Todo empezó con Ángel Arroyo, un corredor salvaje, a la antigua, que sorprendió al mundo con su estilo indomable en el Tour de 1983, el que descubrió a Perico Delgado y al propio Arroyo en veranos televisados que situaban al personal frente a las imágenes del Tour. Arroyo acabó s egundo detrás de Laurent Fignon y la llama del ciclismo prendió en este pueblo de la serranía de Gredos, de 2.000 habitantes.

Por el entusiasmo que generó Arroyo, un vecino del pueblo, Víctor Sastre, montó una escuela de ciclismo que se convirtió en el principal vivero de Castilla y León para el pelotón profesional.

Por la escuela del padre de Carlos Sastre pasaron, además de su hijo, Chava Jiménez, Pablo Lastras, David Navas, Francisco Mancebo, Curro García, Francisco San Román y tantos otros que no llegaron al mundo profesional.
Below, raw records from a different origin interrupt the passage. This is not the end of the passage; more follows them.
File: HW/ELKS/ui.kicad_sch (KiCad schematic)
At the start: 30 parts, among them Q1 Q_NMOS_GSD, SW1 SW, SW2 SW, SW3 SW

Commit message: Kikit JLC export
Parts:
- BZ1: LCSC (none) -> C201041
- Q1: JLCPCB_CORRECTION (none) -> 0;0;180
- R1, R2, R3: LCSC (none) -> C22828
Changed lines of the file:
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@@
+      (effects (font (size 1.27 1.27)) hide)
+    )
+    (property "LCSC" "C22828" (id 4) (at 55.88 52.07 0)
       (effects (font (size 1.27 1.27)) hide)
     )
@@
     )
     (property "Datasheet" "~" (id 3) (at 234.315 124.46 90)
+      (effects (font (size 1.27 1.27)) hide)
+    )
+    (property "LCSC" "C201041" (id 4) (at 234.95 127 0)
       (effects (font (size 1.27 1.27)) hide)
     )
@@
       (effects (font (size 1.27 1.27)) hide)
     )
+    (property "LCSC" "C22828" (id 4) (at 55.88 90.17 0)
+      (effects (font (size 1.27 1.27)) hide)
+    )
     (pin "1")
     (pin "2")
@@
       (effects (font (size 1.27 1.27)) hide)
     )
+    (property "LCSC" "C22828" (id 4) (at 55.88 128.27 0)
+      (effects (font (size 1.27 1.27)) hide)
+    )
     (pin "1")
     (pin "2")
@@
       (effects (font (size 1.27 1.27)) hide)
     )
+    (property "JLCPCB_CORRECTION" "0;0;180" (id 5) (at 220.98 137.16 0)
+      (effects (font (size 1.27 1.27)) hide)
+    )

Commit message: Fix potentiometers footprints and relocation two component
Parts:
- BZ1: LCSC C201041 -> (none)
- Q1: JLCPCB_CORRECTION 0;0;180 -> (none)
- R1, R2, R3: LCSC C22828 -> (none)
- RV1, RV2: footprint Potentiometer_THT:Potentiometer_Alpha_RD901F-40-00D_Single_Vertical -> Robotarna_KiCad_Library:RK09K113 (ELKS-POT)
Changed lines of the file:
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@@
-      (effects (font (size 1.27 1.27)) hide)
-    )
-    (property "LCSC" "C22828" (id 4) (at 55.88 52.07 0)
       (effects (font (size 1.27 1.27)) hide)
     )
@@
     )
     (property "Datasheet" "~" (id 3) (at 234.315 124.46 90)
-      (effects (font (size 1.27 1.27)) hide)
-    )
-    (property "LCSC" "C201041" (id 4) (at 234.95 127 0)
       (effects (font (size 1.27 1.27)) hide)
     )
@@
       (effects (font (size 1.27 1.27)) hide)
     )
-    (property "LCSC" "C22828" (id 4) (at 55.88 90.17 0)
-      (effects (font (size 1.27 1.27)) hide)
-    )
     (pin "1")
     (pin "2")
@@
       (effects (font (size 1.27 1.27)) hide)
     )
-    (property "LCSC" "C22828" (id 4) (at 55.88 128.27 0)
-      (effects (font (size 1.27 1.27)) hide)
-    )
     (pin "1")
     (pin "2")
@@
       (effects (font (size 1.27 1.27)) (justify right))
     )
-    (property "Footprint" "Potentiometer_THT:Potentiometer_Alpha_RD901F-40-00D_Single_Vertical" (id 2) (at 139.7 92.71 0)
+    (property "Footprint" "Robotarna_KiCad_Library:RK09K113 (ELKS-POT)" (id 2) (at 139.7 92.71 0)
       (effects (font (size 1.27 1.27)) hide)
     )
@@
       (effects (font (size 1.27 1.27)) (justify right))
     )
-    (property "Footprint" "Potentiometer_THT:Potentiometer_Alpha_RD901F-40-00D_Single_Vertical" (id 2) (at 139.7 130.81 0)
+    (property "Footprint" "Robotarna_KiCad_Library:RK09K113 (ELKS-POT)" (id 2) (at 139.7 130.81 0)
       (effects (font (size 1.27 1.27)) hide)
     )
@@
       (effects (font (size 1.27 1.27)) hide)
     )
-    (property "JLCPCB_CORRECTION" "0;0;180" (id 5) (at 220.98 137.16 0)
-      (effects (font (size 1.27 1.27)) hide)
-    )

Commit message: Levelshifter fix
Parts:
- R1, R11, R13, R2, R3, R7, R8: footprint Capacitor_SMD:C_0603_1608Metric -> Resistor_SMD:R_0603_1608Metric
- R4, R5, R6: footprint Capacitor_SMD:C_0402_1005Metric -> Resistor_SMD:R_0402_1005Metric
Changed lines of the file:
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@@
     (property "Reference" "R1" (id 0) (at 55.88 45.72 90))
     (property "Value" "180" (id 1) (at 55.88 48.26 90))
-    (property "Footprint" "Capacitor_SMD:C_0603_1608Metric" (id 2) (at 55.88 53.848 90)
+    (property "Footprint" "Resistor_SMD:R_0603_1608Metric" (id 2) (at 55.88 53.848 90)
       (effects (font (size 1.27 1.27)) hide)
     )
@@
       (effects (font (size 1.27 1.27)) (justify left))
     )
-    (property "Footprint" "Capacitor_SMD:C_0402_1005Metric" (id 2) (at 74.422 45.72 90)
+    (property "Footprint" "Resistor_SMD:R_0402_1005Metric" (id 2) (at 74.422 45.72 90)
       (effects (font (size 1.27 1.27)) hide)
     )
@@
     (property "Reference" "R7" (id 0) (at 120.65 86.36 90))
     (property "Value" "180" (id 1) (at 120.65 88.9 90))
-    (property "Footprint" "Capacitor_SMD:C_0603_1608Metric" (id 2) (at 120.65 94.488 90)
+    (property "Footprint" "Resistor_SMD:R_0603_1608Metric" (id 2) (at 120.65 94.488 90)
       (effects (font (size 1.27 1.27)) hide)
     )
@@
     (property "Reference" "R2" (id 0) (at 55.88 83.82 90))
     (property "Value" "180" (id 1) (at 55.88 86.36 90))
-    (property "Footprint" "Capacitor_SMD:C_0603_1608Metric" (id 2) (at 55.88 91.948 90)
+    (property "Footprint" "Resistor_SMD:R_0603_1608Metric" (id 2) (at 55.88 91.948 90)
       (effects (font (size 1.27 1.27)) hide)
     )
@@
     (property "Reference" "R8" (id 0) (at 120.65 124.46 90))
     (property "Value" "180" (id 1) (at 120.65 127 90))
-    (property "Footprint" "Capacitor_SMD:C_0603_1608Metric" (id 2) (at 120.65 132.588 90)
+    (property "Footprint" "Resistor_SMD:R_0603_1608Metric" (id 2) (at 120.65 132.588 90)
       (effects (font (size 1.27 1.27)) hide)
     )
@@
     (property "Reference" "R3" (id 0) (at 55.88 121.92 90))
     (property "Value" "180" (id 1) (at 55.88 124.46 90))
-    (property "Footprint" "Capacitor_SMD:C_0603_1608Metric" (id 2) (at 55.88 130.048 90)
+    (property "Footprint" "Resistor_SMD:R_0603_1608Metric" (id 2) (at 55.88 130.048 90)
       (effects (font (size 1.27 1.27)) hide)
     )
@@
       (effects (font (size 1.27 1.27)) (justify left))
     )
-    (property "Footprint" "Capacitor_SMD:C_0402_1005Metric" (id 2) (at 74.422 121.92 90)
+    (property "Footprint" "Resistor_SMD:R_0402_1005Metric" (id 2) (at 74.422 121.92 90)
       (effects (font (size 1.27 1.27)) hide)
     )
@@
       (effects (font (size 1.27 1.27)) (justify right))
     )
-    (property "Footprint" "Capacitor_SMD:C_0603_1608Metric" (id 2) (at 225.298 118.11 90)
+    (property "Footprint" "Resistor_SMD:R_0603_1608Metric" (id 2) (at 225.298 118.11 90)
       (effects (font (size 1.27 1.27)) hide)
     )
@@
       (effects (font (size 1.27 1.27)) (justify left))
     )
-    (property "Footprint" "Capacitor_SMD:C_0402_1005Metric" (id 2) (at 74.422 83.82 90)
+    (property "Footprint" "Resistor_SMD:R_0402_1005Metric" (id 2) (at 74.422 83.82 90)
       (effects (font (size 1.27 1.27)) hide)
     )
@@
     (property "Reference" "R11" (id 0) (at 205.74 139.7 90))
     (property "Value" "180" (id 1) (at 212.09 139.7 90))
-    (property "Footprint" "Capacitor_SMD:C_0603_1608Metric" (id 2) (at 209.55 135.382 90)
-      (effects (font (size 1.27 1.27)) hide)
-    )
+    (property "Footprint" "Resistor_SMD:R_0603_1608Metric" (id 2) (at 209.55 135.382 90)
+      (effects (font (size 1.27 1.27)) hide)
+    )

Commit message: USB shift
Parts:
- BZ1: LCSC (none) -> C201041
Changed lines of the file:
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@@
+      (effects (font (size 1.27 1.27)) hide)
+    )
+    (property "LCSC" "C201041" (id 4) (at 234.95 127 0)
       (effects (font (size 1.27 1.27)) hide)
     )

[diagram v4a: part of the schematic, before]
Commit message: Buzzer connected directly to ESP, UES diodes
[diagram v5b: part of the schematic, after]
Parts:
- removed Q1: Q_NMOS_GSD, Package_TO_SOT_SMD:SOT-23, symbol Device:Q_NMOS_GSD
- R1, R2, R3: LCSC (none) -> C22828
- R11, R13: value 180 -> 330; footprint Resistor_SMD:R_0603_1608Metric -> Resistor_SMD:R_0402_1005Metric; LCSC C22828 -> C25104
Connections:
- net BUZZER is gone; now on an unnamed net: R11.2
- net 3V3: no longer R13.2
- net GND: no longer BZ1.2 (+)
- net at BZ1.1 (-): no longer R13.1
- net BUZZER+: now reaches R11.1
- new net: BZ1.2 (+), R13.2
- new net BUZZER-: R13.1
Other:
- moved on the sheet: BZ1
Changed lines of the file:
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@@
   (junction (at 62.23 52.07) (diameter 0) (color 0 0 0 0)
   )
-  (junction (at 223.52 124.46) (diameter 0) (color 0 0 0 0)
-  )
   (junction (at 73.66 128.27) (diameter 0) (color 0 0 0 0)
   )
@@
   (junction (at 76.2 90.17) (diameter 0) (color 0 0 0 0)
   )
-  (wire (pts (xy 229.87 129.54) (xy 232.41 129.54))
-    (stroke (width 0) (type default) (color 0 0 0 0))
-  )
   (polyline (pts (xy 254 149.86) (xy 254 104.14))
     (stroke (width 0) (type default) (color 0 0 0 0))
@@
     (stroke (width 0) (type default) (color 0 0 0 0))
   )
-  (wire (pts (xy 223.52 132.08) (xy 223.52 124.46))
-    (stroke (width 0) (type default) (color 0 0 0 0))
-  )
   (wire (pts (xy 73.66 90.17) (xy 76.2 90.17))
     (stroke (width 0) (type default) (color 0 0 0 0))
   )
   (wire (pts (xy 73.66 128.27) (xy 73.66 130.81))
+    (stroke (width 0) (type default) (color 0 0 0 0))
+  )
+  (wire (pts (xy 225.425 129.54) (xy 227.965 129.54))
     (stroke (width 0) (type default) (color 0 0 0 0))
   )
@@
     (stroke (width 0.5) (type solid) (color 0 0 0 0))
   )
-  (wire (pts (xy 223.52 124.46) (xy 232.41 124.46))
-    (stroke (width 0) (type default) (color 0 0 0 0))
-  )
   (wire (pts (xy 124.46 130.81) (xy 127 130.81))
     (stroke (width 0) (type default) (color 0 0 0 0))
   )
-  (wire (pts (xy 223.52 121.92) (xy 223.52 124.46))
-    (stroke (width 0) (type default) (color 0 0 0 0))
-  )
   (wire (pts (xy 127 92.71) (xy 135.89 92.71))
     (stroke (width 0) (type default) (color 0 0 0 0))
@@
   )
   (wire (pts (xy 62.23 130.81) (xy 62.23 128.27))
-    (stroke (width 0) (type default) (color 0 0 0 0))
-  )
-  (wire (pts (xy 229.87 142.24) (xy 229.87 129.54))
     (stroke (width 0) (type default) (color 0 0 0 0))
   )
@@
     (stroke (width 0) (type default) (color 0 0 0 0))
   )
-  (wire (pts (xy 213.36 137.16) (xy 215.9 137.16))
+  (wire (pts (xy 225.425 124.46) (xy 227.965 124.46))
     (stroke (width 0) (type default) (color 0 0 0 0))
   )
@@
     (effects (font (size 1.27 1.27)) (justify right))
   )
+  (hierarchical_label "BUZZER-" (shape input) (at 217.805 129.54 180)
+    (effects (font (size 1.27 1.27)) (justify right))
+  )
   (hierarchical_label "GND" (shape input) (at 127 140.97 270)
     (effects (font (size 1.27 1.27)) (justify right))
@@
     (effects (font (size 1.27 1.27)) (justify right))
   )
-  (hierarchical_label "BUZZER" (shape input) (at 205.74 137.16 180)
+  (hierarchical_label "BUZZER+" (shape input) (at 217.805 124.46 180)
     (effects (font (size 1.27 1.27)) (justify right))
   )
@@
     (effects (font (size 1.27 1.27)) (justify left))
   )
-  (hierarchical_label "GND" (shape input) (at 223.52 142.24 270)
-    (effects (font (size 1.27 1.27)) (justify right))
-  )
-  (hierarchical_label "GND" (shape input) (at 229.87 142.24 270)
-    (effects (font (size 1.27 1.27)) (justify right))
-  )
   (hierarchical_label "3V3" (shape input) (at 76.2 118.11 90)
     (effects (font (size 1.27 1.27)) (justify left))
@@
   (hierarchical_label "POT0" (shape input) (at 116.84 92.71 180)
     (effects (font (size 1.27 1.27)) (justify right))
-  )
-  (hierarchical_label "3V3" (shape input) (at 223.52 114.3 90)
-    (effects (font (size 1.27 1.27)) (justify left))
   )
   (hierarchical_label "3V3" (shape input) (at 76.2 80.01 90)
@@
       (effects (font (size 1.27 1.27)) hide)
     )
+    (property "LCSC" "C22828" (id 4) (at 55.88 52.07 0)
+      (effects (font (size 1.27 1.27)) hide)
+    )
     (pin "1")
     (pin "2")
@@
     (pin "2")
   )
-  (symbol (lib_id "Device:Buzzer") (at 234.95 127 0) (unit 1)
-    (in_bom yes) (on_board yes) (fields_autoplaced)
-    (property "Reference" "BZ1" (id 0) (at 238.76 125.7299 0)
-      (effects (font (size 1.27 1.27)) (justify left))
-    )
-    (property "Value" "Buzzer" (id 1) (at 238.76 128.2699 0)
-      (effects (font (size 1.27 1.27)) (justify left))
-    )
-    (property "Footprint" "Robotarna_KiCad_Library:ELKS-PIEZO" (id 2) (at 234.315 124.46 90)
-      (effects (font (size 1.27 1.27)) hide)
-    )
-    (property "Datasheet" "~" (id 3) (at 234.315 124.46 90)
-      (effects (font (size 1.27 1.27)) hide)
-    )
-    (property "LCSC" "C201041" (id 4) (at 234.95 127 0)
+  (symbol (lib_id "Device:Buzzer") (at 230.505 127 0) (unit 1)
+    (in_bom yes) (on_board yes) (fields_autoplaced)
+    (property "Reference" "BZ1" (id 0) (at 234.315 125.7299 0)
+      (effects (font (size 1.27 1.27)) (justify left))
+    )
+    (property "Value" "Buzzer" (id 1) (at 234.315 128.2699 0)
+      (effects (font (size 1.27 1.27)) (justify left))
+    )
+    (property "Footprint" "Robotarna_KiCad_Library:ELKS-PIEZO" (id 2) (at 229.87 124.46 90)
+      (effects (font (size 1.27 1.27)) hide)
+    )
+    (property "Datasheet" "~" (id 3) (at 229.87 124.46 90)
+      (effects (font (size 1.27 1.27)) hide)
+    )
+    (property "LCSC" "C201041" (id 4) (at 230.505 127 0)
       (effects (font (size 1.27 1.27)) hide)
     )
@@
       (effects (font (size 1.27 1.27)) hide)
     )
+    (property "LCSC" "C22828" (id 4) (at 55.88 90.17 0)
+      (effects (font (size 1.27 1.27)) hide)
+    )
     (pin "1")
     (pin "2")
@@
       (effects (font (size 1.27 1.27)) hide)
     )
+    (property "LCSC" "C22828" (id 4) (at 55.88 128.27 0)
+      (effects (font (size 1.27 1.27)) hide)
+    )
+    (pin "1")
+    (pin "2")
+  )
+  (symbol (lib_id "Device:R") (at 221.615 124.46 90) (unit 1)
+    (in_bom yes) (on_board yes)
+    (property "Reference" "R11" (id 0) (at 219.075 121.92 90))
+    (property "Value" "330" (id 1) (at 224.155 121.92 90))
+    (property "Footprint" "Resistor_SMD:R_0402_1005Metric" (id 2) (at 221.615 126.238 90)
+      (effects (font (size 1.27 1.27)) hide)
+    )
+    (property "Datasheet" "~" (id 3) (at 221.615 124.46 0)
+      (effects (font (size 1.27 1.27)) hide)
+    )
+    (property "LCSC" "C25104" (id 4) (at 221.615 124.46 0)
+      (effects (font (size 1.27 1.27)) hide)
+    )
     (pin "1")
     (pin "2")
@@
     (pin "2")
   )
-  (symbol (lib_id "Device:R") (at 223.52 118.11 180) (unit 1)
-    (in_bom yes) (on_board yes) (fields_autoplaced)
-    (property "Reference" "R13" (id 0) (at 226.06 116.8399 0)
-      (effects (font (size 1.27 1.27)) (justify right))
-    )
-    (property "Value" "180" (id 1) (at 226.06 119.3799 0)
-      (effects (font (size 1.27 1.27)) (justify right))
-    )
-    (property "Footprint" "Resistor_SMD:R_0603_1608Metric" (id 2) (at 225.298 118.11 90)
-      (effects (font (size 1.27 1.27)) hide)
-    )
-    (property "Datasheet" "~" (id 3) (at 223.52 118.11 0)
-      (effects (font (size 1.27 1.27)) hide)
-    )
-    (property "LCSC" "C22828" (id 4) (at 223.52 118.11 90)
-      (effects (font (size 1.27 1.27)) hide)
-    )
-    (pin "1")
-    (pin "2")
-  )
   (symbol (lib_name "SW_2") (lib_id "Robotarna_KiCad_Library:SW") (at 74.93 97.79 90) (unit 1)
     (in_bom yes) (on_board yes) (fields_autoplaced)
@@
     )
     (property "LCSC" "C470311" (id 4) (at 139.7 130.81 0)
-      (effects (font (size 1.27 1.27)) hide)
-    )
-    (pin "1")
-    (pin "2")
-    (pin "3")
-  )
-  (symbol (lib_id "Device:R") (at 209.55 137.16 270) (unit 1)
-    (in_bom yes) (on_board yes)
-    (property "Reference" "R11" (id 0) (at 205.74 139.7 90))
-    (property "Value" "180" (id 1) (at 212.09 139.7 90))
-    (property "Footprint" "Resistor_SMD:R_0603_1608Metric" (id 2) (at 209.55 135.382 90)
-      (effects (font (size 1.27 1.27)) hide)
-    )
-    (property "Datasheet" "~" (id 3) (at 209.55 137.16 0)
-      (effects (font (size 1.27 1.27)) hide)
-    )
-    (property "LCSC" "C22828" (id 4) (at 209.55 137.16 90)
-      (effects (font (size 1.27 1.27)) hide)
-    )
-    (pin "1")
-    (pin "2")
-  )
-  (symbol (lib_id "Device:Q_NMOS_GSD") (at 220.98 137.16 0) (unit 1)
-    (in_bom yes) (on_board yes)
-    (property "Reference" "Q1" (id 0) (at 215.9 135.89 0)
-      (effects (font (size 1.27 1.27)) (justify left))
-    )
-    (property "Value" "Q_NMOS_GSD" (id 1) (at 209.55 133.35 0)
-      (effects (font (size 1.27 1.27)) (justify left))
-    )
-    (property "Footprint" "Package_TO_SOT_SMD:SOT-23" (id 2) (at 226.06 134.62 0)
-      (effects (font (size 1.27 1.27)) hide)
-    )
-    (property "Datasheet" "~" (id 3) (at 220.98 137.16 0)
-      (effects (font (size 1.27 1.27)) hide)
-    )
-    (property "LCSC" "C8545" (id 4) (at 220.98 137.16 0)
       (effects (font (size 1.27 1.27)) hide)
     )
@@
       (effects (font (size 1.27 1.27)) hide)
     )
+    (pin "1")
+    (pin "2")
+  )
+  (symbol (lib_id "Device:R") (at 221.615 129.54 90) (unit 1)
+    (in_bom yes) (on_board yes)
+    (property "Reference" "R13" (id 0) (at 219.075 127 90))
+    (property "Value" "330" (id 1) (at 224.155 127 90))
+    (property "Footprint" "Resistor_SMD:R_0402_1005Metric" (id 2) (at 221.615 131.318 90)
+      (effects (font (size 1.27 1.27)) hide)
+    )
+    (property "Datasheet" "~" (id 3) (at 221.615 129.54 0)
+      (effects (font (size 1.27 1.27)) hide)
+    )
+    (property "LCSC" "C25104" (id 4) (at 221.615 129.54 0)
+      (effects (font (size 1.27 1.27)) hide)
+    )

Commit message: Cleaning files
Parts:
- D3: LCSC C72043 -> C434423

De alguna manera, la escuela apartaba a los chicos de la tentación de la droga y les entregaba un estímulo diario de entrenamiento y esfuerzo que se plasmaba en las carreras de los fines de semana.

Aunque Arroyo marcó el paso y Carlos Sastre fue el principal embajador al ganar el Tour de Francia 2008 , el ciclista de mayor carisma fue, sin duda, Chava Jiménez.

«Si no hubiera sido ciclista, hoy estaría poniendo raciones de cabrito». Chava Jiménez era grueso como una bola. Todos los kilos que le sobraban, más de quince , eran sinónimo de fuerza bruta, de deportista con aspiraciones.

A Jiménez le sedujo la vida de ciclista. Ganaba a cualquiera en la montaña, llenaba el bolsillo y crecía su fama. Siempre en Banesto, concibió su profesión desde un único prisma: sólo la victoria le recompensaba. «¿Para qué quiero hacer cuarto? Sólo se firman buenos contratos si ganas», decía.

Actuaba por libre, sin ataduras. Corría como vivía. Al día. Sus nueve victorias en la Vuelta, su último paseo imperial (la cronoescalada a Arcalís en la Vuelta 2001) y sus reinados de la montaña le convirtieron en el niño querido de los aficionados. Tantos partidarios por su brindis al espectáculo como detractores por su mala fama y talento desperdiciado. Parecía inmune a los comentarios. Hasta que llegaron las sesiones de hospital y controvertidas terapias, el rastro de la noche, la mala vida... Y una triste muerte el 6 de diciembre de 2003.